By Hoeffding's inequality, $$\text{Pr}\left[S_n-\frac{n}{2}\geq k\right] \leq e^{-\frac{2k^2}{n}}$$
Hence, we have
$$ \binom{n}{\frac{n}{2}+k} + \binom{n}{\frac{n}{2}+k+1} + .. + \binom{n}{n} \leq 2^{n}e^{-\frac{2k^2}{n}} $$
Is there a direct proof for this inequality?
$S_n$ is a sum of $n$ i.i.d Bernoulli random variables with each $x_i\sim Bernoulli(\frac{1}{2})$ (according to what you wanted to prove). Then $S_n\sim Binomial(n,\frac{1}{2})$ and $\mathbb E[S_n]=\frac{n}{2}$.
Now, let's evaluate $\mathbb P\left[S_n-\frac{n}{2}\geq k\right]$ : \begin{align*} \mathbb P\left[S_n-\frac{n}{2}\geq k\right]&=\mathbb P\left[S_n\geq k+\frac{n}{2}\right]\\ &=\sum_{k=0}^{n/2} \mathbb P\left[S_n= k+\frac{n}{2}\right]\\ &=\sum_{k=0}^{n/2} \binom{n}{k+\frac{n}{2}}\left(\frac{1}{2}\right)^{k+\frac{n}{2}}\left(\frac{1}{2}\right)^{n-k-\frac{n}{2}}\\ &=\frac{1}{2^n}\sum_{k=0}^{n/2} \binom{n}{k+\frac{n}{2}}\left(\frac{1}{2}\times2\right)^{k+\frac{n}{2}}\\ &=\frac{1}{2^n}\sum_{k=0}^{n/2} \binom{n}{k+\frac{n}{2}}\\ \end{align*} On the other hand, using Markov's inequality $\forall s>0, \forall k\in\{0,...,\frac{n}{2}\}$, and the independence of $x_i$ : \begin{align*} \mathbb P\left[S_n-\frac{n}{2}\geq k\right]&=\mathbb P\left[e^{s(S_n-\frac{n}{2})}\geq e^{sk}\right]\\ &\leq \dfrac{\mathbb E\left[e^{s(S_n-\frac{n}{2})}\right]}{e^{sk}}\\ &\leq e^{-sk}e^{-\frac{sn}{2}}\mathbb E\left[e^{s(S_n)}\right]\\ &\leq e^{-sk}e^{-\frac{sn}{2}}\left(\frac{e^s+1}{2}\right)^n\\ &\leq \frac{1}{2^n}\left[e^{s(-k-\frac{n}{2})}(e^s+1)^n\right] \end{align*} Since $k\in\{0,...,\frac{n}{2}\}$, then $(-2k)\geq(-\frac{n}{2}-k)$ $$\frac{1}{2^n}\left[e^{s(-k-\frac{n}{2})}(e^s+1)^n\right]\leq \frac{1}{2^n}\left[e^{s(-2k)}(e^s+1)^n\right]$$
This is the best I could do. Hope it helps a bit.

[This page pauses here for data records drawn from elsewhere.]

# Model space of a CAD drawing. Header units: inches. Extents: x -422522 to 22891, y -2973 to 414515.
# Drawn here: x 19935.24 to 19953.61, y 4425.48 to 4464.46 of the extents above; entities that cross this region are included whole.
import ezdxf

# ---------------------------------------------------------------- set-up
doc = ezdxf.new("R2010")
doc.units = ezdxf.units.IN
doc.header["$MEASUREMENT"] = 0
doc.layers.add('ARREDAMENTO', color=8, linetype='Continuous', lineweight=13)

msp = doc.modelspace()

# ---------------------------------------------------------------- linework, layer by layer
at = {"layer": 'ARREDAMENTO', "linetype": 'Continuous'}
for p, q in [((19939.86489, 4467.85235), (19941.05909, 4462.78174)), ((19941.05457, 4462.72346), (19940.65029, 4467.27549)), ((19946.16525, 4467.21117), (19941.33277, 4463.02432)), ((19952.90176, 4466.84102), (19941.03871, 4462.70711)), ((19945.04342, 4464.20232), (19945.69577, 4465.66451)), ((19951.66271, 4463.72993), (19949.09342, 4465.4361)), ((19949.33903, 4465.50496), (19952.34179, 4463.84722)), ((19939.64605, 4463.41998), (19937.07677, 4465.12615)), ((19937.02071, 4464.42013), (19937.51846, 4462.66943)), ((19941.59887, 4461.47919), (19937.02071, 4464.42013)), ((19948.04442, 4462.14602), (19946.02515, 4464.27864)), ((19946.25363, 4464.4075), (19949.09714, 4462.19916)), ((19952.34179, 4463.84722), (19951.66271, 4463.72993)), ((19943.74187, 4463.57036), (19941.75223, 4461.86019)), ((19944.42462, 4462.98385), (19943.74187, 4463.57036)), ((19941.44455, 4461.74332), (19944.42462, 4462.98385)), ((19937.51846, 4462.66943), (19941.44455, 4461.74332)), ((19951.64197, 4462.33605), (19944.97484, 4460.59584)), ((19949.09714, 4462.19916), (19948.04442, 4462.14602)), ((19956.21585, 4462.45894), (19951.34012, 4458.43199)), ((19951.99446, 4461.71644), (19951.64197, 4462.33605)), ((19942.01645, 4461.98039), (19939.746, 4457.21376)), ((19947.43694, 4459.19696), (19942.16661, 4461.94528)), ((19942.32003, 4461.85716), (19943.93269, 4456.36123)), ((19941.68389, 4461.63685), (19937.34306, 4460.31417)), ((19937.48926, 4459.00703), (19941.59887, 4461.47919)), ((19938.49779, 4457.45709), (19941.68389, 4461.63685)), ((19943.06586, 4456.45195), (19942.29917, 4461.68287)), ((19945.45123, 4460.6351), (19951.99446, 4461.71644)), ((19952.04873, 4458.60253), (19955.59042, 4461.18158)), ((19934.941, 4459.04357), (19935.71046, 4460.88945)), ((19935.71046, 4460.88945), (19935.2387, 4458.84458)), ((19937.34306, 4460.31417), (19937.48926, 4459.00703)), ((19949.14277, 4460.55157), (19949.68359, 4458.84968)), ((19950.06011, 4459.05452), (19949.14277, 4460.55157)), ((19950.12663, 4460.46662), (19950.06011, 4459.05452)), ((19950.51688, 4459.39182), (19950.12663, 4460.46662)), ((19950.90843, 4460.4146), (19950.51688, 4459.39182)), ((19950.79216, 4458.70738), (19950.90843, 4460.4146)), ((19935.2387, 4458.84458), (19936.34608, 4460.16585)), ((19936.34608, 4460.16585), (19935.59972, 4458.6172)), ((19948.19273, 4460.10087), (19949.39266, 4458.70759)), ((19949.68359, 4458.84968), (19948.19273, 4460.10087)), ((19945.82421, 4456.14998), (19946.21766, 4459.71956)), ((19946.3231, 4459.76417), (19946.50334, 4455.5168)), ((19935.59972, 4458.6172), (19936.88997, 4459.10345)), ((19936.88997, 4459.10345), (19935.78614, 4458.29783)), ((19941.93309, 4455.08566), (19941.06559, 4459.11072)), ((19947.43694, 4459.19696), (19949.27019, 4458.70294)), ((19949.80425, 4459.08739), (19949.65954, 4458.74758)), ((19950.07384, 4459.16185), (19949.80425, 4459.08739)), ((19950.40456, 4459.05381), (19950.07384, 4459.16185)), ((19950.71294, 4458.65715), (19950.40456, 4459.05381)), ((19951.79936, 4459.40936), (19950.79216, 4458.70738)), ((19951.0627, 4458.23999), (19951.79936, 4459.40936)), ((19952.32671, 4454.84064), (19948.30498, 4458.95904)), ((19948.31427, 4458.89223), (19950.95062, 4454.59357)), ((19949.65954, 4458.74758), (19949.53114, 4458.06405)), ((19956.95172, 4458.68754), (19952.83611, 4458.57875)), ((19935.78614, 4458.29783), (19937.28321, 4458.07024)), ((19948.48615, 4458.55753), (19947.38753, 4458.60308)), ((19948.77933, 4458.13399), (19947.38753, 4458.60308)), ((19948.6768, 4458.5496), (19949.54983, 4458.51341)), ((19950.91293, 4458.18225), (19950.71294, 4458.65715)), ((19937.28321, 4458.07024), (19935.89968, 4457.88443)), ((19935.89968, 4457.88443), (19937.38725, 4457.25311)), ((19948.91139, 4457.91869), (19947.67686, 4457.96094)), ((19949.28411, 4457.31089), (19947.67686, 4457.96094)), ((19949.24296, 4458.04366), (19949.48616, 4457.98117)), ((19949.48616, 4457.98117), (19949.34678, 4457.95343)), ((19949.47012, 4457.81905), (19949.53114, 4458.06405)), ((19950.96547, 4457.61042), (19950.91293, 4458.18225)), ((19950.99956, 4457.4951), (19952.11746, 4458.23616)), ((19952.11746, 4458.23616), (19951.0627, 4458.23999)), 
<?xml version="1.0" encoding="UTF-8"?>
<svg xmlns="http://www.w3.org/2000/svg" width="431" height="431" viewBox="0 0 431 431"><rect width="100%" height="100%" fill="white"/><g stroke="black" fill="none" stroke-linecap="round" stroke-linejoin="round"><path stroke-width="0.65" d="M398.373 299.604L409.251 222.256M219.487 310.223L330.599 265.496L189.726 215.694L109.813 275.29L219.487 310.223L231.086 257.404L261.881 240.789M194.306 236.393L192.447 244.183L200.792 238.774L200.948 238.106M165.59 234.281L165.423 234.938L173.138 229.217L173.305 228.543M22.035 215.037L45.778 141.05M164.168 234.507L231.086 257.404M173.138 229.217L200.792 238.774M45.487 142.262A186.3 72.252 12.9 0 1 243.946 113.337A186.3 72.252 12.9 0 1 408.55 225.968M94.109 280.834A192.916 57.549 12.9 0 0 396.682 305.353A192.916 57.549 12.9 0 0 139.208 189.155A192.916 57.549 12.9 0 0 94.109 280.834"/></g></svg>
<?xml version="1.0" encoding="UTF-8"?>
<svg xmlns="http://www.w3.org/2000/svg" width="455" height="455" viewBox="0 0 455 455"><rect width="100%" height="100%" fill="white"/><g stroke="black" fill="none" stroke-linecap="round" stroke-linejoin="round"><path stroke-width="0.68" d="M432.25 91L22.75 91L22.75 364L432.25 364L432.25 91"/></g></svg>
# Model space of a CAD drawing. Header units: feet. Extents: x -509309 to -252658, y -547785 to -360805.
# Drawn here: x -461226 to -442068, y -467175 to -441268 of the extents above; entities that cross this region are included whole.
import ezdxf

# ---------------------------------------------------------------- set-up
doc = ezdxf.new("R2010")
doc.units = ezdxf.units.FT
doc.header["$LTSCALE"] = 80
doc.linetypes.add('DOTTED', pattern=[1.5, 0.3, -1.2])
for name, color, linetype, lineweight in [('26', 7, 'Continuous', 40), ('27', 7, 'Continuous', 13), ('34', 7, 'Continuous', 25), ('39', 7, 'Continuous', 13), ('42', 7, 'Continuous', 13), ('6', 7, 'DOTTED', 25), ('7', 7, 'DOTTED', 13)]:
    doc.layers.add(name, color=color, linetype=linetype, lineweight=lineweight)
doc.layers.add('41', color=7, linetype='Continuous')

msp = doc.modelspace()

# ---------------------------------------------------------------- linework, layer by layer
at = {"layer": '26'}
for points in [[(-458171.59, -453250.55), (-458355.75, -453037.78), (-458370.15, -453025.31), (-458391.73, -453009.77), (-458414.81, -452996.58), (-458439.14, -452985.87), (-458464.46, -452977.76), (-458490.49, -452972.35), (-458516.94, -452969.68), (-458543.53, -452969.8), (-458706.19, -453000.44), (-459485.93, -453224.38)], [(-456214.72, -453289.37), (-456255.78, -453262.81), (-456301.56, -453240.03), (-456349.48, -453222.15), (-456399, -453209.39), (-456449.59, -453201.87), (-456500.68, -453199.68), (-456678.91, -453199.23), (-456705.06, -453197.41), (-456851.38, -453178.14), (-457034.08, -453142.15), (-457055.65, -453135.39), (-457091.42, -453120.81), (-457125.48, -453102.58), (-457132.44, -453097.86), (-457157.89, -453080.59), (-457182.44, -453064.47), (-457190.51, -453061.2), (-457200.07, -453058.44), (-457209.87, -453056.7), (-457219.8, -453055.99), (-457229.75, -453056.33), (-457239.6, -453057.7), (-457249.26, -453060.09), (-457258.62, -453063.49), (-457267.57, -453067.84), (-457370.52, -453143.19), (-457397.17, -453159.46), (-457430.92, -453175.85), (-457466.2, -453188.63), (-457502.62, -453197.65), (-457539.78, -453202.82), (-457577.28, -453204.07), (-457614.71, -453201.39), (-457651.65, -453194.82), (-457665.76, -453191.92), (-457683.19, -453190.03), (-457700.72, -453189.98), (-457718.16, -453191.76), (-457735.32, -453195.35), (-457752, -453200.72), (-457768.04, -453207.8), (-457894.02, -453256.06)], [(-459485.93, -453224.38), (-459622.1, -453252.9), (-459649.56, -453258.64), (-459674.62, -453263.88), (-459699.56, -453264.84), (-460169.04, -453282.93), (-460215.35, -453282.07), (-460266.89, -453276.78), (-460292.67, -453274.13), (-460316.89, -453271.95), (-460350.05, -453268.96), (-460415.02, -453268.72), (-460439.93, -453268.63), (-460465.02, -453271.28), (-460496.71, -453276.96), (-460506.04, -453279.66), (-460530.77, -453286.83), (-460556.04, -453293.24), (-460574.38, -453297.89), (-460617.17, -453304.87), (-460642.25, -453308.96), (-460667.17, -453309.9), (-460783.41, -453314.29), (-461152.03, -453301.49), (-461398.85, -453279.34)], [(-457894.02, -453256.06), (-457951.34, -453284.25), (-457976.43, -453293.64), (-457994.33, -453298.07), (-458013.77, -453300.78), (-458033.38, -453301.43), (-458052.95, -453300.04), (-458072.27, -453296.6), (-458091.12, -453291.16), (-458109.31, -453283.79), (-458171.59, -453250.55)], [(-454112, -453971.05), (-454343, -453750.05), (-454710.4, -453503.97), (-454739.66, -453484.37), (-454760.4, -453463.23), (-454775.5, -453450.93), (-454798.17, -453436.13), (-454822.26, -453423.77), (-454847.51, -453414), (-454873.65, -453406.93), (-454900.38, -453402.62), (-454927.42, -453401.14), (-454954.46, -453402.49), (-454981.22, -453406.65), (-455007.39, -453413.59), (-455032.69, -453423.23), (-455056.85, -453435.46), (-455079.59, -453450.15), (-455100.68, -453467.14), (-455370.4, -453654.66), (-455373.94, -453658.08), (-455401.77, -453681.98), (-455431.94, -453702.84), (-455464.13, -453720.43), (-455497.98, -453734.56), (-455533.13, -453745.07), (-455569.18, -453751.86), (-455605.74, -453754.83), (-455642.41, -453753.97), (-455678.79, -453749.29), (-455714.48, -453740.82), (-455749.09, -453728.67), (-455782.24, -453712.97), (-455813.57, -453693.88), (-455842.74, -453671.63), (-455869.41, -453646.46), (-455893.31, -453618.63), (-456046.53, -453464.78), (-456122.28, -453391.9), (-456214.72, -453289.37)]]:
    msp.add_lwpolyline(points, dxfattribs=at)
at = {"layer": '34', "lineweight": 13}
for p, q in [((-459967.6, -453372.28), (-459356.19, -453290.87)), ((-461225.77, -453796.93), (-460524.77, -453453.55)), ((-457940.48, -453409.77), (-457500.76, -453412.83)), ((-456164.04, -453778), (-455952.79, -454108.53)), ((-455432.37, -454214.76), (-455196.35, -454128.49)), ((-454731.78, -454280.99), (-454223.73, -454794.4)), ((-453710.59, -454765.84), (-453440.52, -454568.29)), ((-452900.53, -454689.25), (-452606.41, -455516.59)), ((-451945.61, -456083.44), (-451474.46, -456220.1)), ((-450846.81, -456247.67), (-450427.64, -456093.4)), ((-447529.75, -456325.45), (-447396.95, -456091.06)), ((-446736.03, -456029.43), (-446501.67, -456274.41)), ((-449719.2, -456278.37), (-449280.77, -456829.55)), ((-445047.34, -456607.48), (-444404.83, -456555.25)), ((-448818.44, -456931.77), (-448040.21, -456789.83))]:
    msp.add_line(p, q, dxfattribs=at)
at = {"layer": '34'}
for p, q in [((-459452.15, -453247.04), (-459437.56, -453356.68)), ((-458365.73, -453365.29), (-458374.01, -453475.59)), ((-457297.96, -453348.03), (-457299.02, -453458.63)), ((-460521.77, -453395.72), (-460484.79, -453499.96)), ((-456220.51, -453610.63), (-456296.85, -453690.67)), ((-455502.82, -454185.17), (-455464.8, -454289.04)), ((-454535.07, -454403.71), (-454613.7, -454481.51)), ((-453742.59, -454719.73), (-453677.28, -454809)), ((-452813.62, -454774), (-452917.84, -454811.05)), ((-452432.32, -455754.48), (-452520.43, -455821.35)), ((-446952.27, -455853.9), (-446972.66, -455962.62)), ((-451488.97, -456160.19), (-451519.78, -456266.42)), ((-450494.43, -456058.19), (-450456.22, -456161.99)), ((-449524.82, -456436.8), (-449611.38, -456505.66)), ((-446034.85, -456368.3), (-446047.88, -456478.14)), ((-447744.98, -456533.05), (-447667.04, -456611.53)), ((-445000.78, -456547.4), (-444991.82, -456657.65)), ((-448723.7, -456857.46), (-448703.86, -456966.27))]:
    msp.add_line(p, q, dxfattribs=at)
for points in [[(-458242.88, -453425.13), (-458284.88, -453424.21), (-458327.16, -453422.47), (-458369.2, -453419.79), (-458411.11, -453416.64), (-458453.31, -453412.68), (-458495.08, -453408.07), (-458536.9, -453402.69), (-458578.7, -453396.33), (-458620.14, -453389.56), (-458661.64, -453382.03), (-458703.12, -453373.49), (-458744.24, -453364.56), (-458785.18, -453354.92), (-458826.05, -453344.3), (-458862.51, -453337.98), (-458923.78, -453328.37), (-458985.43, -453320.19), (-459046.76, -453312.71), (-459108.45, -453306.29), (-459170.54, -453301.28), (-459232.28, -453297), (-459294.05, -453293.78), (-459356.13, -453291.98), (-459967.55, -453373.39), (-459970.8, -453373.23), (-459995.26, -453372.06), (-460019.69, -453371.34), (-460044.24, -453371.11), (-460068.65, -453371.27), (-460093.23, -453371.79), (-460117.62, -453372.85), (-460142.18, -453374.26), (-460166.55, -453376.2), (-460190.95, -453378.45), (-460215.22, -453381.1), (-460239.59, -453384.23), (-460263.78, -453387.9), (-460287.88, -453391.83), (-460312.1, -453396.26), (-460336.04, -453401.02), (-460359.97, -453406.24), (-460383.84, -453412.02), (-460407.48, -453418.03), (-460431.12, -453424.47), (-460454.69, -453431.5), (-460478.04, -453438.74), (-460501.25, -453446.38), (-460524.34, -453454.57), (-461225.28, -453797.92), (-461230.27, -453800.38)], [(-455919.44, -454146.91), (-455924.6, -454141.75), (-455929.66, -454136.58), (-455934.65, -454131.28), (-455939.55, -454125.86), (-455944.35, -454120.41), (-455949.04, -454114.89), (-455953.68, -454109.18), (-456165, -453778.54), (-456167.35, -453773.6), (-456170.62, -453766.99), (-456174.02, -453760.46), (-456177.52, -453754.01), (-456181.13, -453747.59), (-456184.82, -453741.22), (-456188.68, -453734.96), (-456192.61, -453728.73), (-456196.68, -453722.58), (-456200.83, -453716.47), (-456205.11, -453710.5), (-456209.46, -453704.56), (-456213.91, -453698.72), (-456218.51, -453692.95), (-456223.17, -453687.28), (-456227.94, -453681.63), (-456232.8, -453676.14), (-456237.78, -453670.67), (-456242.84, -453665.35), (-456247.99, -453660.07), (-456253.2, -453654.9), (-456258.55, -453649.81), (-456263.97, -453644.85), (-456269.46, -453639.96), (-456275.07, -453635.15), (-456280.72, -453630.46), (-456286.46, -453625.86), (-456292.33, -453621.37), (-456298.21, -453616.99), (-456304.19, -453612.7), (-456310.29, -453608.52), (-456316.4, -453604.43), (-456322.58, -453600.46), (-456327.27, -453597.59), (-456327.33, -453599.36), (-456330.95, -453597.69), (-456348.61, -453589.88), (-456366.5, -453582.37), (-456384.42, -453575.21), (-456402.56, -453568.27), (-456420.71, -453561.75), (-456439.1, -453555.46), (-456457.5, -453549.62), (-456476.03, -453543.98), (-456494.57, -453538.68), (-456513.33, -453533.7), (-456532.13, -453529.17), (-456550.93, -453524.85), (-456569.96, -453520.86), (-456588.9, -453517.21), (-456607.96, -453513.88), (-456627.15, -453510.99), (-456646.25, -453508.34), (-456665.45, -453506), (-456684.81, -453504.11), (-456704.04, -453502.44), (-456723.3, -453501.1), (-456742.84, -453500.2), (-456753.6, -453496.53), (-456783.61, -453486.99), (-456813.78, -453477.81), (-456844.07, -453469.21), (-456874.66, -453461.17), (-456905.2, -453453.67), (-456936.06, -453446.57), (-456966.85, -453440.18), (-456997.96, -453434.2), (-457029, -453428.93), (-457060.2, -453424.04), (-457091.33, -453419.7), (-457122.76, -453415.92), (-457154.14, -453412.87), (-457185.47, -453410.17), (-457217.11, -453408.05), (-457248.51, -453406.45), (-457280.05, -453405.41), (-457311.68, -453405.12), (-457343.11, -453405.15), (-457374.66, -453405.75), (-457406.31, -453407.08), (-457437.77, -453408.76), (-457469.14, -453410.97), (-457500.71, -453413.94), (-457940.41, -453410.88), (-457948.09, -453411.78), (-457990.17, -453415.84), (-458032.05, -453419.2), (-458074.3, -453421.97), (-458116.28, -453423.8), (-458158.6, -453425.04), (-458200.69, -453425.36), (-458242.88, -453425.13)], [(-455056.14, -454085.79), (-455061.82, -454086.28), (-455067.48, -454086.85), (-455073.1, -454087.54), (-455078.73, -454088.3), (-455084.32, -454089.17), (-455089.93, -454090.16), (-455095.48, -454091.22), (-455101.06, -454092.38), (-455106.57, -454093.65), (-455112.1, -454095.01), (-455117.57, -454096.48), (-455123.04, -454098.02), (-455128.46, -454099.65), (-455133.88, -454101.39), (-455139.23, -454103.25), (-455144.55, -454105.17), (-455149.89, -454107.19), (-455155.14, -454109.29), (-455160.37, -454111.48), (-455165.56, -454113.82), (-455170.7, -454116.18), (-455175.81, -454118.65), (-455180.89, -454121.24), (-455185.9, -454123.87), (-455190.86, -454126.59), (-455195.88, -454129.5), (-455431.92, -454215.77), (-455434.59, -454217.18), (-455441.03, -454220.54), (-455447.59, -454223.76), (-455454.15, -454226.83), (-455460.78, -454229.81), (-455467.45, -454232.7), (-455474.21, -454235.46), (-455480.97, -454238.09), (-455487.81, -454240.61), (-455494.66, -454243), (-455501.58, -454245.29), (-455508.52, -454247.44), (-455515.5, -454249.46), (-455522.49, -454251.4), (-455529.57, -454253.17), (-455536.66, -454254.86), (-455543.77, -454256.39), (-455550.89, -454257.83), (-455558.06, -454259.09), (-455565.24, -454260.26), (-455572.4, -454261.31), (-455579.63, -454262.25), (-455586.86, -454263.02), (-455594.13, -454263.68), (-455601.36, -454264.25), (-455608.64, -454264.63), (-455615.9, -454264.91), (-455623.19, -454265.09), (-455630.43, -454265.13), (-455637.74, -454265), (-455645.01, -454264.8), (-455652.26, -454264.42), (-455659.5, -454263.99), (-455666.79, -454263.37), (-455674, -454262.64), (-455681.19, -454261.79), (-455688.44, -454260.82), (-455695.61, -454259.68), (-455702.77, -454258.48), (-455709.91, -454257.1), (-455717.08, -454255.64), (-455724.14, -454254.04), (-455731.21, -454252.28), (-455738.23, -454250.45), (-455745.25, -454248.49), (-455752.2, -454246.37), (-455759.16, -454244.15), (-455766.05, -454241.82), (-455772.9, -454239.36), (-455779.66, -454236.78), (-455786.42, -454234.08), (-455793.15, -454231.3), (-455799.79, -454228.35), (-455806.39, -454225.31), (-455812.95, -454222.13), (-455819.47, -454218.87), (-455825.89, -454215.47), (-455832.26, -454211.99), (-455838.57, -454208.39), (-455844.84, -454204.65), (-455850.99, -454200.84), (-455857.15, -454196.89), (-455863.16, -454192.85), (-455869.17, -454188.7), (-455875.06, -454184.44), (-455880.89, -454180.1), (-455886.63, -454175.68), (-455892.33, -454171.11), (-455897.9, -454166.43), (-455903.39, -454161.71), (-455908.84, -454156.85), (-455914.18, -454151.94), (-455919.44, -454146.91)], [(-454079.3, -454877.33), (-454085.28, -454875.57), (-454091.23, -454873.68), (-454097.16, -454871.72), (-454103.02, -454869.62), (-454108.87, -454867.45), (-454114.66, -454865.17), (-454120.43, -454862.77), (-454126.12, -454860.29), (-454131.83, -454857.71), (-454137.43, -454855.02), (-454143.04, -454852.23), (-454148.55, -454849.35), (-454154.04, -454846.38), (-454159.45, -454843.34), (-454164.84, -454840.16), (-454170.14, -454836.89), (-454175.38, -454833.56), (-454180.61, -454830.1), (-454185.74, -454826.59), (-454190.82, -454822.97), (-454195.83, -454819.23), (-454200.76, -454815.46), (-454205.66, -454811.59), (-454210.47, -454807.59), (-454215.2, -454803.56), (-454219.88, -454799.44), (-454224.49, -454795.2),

There's always (first answer) the direct use of Hoeffding's inequality : $$ \mathbb P\left[S_n-\frac{n}{2}\geq k\right]=\frac{1}{2^n}\sum_{k=0}^{n/2} \binom{n}{k+\frac{n}{2}}\leq e^{\frac{-2k^2}{n}}$$ Mulitplying by $2^n$ gives us $$ \sum_{k=0}^{n/2} \binom{n}{k+\frac{n}{2}}=\binom{n}{\frac{n}{2}+k} + \binom{n}{\frac{n}{2}+k+1} + .. + \binom{n}{n} \leq 2^n e^{\frac{-2k^2}{n}}$$